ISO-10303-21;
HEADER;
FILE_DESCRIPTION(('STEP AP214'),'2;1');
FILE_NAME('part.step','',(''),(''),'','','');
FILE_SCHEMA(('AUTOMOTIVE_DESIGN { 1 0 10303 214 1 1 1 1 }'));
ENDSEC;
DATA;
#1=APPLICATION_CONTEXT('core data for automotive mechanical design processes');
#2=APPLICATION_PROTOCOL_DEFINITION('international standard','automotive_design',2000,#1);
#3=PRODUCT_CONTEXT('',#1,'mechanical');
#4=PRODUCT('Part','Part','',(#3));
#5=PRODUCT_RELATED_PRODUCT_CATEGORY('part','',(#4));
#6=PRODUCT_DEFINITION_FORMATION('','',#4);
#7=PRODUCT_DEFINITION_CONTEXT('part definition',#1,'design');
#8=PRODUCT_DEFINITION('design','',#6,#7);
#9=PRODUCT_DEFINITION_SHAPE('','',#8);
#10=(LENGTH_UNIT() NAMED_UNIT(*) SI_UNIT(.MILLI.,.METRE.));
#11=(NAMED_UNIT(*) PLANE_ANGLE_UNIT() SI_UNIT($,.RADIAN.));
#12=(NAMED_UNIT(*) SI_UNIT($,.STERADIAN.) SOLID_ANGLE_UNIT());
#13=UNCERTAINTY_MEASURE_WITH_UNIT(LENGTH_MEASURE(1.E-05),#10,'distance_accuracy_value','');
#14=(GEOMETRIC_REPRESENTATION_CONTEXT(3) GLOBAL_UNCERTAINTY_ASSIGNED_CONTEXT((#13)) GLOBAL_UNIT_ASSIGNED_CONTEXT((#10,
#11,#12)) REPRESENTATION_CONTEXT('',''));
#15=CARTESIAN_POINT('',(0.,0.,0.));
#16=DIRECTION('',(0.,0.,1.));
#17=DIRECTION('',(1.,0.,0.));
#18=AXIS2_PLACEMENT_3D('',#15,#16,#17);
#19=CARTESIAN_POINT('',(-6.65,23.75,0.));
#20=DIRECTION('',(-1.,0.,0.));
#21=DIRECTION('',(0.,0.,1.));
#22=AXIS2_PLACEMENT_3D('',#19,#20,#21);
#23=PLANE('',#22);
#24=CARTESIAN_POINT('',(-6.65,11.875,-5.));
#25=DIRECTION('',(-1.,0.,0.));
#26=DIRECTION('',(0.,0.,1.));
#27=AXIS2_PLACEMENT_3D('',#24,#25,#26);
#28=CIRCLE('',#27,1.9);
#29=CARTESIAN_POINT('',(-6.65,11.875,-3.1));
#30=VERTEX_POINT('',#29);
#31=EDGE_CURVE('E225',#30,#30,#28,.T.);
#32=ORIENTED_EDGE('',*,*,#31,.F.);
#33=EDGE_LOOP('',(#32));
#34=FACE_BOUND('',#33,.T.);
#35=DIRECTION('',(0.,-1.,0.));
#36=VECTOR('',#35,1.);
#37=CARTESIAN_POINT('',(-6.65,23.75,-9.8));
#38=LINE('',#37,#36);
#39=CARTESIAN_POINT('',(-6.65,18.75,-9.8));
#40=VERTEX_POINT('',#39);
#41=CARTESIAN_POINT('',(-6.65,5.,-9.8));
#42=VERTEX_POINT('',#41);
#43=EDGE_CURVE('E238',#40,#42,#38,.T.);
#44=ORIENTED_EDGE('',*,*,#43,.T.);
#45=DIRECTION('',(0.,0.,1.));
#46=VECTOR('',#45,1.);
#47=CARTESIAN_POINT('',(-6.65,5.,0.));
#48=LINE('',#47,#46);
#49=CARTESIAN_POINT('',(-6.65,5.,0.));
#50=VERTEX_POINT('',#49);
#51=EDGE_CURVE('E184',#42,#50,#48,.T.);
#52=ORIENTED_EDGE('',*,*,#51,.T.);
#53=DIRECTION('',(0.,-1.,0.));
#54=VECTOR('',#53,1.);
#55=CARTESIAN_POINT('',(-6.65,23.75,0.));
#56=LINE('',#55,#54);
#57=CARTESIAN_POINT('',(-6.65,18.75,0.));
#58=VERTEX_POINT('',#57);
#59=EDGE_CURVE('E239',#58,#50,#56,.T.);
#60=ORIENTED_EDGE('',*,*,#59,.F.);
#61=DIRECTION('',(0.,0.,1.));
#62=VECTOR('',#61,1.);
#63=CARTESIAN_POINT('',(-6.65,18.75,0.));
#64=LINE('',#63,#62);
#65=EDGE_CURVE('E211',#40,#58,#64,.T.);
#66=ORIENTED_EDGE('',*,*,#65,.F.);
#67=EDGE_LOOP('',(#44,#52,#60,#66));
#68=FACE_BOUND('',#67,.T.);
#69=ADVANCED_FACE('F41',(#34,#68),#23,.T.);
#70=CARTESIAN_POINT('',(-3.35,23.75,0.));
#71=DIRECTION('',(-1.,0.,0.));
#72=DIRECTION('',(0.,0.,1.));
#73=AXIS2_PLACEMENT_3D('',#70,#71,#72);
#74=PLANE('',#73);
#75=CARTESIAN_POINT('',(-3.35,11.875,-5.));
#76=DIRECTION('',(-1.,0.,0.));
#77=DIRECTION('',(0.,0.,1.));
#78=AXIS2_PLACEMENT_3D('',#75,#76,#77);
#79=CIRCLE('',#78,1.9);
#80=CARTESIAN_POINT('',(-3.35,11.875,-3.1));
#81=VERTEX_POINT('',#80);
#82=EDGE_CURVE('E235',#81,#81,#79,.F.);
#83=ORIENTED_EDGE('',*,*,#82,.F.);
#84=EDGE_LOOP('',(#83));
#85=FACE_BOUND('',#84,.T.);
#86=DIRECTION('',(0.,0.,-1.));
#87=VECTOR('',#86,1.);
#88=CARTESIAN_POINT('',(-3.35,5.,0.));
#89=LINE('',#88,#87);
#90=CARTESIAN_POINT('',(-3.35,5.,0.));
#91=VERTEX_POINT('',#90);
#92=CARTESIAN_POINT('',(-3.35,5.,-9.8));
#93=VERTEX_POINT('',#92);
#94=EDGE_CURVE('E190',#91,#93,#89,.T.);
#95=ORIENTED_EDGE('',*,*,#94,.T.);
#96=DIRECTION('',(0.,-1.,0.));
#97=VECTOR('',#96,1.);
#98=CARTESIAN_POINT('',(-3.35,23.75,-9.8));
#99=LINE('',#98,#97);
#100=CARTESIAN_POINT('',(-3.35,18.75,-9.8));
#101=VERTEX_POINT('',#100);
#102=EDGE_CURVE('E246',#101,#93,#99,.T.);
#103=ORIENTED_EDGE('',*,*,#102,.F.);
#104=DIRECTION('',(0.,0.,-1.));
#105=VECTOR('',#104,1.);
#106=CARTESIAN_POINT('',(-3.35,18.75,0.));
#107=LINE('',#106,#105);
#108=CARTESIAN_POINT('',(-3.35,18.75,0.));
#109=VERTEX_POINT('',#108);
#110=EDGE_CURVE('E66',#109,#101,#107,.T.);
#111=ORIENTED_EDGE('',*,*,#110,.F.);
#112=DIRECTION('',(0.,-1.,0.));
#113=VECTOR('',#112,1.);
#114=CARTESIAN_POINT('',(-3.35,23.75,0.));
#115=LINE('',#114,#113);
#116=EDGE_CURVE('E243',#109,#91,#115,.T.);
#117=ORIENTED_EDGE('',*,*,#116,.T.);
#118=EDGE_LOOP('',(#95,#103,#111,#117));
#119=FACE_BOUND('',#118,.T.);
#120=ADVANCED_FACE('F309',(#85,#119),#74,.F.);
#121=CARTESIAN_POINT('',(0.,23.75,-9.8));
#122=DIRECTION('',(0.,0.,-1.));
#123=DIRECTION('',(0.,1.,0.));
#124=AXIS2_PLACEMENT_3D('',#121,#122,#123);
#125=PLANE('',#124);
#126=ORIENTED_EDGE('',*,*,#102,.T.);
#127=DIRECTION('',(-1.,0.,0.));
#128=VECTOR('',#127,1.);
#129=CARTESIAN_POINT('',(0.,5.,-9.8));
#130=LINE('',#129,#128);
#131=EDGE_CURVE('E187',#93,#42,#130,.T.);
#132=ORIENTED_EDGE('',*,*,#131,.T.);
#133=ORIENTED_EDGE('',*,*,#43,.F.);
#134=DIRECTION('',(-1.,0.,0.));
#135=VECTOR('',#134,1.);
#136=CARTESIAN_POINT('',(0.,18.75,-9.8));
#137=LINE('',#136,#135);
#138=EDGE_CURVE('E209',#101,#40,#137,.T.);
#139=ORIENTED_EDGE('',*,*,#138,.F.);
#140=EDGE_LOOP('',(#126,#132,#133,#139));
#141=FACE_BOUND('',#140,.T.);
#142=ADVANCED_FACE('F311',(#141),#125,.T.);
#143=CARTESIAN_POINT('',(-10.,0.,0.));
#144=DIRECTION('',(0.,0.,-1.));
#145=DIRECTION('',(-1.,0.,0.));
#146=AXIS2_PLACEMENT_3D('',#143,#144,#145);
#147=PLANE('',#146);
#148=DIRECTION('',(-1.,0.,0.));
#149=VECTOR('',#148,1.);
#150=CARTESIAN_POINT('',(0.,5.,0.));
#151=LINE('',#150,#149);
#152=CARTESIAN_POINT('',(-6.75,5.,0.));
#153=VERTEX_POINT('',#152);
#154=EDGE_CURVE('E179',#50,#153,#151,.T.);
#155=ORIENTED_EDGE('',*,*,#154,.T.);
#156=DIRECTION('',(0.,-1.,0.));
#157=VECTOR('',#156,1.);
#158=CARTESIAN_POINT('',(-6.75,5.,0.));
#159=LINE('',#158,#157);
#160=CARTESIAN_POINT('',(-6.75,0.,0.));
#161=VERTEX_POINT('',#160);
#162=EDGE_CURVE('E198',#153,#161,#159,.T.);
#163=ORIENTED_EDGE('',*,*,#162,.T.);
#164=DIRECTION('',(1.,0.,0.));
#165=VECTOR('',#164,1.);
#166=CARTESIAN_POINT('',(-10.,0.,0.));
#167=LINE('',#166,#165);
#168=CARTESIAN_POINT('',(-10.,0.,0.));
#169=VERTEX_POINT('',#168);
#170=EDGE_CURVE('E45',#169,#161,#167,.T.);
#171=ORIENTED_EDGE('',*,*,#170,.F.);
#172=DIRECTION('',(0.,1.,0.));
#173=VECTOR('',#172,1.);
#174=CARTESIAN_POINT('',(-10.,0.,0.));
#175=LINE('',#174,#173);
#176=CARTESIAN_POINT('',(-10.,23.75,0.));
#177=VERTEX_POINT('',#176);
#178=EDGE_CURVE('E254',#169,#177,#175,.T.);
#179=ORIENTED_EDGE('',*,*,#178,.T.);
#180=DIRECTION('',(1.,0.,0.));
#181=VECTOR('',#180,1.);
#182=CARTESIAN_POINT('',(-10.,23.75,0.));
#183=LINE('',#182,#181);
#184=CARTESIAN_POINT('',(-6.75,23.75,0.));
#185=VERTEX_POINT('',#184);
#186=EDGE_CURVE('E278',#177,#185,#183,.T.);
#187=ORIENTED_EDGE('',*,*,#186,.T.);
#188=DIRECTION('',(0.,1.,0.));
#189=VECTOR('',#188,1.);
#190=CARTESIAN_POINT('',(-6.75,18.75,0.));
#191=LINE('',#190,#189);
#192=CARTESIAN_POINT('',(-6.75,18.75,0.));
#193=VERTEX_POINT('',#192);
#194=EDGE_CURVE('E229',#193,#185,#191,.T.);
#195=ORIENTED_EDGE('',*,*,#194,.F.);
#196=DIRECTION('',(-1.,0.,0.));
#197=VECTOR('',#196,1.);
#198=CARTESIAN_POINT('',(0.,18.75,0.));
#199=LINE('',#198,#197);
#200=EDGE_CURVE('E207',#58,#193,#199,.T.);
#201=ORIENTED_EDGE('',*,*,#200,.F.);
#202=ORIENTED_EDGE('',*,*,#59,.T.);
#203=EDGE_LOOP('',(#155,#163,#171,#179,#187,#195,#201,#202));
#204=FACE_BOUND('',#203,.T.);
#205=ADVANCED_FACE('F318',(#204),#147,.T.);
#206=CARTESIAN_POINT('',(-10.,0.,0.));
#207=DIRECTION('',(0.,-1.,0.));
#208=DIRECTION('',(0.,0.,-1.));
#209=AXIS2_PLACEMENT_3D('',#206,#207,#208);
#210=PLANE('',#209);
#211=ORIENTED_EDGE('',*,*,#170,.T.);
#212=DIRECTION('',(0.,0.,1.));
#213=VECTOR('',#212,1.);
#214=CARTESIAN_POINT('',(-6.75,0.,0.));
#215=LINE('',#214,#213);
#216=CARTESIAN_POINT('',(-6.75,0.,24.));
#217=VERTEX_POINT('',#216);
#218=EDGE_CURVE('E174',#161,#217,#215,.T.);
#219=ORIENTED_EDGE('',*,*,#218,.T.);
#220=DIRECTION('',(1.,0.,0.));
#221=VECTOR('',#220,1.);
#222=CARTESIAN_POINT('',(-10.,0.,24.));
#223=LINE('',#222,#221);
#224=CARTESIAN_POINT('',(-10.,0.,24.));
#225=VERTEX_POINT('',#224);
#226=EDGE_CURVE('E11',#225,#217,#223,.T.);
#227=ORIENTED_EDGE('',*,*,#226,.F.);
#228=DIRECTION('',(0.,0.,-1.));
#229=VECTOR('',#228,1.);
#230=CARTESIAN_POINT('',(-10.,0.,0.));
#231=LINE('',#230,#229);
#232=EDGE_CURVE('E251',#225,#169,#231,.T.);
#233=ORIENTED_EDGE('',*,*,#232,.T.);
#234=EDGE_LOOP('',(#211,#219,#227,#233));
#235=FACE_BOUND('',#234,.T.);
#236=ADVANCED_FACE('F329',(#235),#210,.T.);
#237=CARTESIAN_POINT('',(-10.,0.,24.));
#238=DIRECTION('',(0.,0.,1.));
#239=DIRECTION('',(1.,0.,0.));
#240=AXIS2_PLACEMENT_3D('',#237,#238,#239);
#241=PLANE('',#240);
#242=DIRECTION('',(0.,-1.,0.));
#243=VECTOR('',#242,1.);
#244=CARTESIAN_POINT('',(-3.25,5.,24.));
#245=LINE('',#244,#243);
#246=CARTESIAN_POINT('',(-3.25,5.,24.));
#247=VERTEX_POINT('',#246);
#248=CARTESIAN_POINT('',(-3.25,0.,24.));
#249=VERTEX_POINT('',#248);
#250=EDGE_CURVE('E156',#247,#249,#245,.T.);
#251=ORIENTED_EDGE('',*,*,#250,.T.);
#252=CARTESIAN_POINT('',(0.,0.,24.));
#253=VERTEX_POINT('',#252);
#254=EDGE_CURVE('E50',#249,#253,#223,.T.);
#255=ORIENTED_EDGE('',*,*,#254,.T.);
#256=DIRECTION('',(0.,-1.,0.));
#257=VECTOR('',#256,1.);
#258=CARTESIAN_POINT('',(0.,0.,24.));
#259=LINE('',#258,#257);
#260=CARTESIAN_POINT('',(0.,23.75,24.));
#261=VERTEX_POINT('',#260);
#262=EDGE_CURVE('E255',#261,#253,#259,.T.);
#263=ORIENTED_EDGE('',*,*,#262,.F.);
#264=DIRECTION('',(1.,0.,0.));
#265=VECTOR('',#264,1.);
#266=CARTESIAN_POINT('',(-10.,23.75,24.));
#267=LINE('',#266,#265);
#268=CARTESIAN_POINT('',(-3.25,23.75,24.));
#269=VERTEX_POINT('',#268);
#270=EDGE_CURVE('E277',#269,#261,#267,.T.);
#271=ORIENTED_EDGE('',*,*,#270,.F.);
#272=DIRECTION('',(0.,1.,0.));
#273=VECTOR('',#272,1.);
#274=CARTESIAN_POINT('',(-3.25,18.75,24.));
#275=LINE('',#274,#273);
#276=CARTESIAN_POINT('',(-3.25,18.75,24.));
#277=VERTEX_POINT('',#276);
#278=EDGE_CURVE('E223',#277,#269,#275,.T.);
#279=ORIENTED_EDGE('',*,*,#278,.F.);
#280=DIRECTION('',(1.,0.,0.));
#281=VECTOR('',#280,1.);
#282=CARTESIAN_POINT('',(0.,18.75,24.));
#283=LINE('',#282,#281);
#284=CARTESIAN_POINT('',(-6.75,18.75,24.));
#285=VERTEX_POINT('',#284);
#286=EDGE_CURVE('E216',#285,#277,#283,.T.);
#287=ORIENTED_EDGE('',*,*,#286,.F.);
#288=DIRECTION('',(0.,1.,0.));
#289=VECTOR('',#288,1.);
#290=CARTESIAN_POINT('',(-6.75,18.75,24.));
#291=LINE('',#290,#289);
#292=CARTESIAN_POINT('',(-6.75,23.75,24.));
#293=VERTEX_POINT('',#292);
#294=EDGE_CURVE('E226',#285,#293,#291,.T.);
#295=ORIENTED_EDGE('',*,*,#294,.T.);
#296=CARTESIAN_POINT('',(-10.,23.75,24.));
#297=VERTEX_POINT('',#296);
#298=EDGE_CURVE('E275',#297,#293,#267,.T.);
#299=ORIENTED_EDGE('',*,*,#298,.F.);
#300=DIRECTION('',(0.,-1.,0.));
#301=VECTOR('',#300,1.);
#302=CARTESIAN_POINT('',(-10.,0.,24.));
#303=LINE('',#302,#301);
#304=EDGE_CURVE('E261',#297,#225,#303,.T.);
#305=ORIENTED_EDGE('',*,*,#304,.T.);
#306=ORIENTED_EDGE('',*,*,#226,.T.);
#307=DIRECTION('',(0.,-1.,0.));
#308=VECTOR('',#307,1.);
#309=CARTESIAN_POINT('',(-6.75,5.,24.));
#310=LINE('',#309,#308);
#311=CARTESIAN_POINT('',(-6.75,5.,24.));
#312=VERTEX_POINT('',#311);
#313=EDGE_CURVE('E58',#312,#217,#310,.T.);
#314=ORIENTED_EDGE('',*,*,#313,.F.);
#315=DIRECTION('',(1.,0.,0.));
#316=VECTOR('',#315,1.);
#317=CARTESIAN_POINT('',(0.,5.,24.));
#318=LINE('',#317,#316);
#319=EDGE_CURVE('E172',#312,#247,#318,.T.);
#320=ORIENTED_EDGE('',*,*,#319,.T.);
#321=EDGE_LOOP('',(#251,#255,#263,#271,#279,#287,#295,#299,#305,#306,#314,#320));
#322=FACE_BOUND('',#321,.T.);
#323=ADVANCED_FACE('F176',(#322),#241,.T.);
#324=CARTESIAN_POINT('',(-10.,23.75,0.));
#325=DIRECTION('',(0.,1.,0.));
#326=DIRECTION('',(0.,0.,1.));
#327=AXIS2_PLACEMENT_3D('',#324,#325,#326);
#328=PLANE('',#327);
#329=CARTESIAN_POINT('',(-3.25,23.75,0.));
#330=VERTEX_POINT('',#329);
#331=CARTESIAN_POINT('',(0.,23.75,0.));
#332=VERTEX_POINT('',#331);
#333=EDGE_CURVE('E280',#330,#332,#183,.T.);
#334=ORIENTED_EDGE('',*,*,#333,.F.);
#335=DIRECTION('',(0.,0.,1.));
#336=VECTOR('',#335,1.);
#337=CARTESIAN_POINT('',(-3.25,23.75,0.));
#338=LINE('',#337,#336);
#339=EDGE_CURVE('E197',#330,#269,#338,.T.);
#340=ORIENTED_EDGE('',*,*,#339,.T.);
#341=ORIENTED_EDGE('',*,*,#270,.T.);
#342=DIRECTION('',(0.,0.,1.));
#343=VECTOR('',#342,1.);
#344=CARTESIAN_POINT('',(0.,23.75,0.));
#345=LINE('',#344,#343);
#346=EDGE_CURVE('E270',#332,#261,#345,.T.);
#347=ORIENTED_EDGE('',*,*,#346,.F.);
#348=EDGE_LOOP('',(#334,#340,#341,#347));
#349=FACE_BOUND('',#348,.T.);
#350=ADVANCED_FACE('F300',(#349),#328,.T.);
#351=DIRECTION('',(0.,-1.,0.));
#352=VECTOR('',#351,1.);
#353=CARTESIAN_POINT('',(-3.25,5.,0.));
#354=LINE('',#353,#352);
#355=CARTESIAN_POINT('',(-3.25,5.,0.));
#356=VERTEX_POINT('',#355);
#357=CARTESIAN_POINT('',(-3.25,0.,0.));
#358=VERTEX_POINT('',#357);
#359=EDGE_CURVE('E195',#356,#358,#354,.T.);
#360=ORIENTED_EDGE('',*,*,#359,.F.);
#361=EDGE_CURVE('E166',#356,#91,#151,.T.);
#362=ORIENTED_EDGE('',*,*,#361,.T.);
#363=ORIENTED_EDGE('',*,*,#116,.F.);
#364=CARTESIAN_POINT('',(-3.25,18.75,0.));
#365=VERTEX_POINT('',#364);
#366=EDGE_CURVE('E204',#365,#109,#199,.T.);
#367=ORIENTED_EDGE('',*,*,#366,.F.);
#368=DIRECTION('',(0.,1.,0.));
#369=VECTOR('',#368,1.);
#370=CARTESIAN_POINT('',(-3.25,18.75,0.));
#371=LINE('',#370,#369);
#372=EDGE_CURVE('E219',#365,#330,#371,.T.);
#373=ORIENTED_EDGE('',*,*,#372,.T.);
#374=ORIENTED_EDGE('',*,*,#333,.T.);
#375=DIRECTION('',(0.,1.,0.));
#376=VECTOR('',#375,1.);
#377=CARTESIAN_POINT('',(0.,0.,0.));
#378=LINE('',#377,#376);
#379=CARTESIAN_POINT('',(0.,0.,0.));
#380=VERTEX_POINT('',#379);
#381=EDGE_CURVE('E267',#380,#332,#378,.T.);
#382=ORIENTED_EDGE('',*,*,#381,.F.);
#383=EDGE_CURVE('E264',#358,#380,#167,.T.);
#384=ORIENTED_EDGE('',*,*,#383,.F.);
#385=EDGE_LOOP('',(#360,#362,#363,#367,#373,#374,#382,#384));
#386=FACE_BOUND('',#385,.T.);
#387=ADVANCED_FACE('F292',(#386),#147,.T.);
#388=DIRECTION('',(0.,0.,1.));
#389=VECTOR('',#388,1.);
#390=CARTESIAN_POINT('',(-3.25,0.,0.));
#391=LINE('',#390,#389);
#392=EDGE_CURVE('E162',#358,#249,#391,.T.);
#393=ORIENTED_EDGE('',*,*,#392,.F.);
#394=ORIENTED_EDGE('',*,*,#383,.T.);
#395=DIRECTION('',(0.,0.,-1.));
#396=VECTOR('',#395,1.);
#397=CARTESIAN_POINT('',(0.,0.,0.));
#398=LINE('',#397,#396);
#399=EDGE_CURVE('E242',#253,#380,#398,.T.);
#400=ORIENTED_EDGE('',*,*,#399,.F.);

WORK REQUEST.
Return exactly the lines above from the line that has "#91=VERTEX_POINT('',#90);" through the line that has "#130=LINE('',#129,#128);", inclusive, and nothing else.

EXERCISE RESPONSE.
#91=VERTEX_POINT('',#90);
#92=CARTESIAN_POINT('',(-3.35,5.,-9.8));
#93=VERTEX_POINT('',#92);
#94=EDGE_CURVE('E190',#91,#93,#89,.T.);
#95=ORIENTED_EDGE('',*,*,#94,.T.);
#96=DIRECTION('',(0.,-1.,0.));
#97=VECTOR('',#96,1.);
#98=CARTESIAN_POINT('',(-3.35,23.75,-9.8));
#99=LINE('',#98,#97);
#100=CARTESIAN_POINT('',(-3.35,18.75,-9.8));
#101=VERTEX_POINT('',#100);
#102=EDGE_CURVE('E246',#101,#93,#99,.T.);
#103=ORIENTED_EDGE('',*,*,#102,.F.);
#104=DIRECTION('',(0.,0.,-1.));
#105=VECTOR('',#104,1.);
#106=CARTESIAN_POINT('',(-3.35,18.75,0.));
#107=LINE('',#106,#105);
#108=CARTESIAN_POINT('',(-3.35,18.75,0.));
#109=VERTEX_POINT('',#108);
#110=EDGE_CURVE('E66',#109,#101,#107,.T.);
#111=ORIENTED_EDGE('',*,*,#110,.F.);
#112=DIRECTION('',(0.,-1.,0.));
#113=VECTOR('',#112,1.);
#114=CARTESIAN_POINT('',(-3.35,23.75,0.));
#115=LINE('',#114,#113);
#116=EDGE_CURVE('E243',#109,#91,#115,.T.);
#117=ORIENTED_EDGE('',*,*,#116,.T.);
#118=EDGE_LOOP('',(#95,#103,#111,#117));
#119=FACE_BOUND('',#118,.T.);
#120=ADVANCED_FACE('F309',(#85,#119),#74,.F.);
#121=CARTESIAN_POINT('',(0.,23.75,-9.8));
#122=DIRECTION('',(0.,0.,-1.));
#123=DIRECTION('',(0.,1.,0.));
#124=AXIS2_PLACEMENT_3D('',#121,#122,#123);
#125=PLANE('',#124);
#126=ORIENTED_EDGE('',*,*,#102,.T.);
#127=DIRECTION('',(-1.,0.,0.));
#128=VECTOR('',#127,1.);
#129=CARTESIAN_POINT('',(0.,5.,-9.8));
#130=LINE('',#129,#128);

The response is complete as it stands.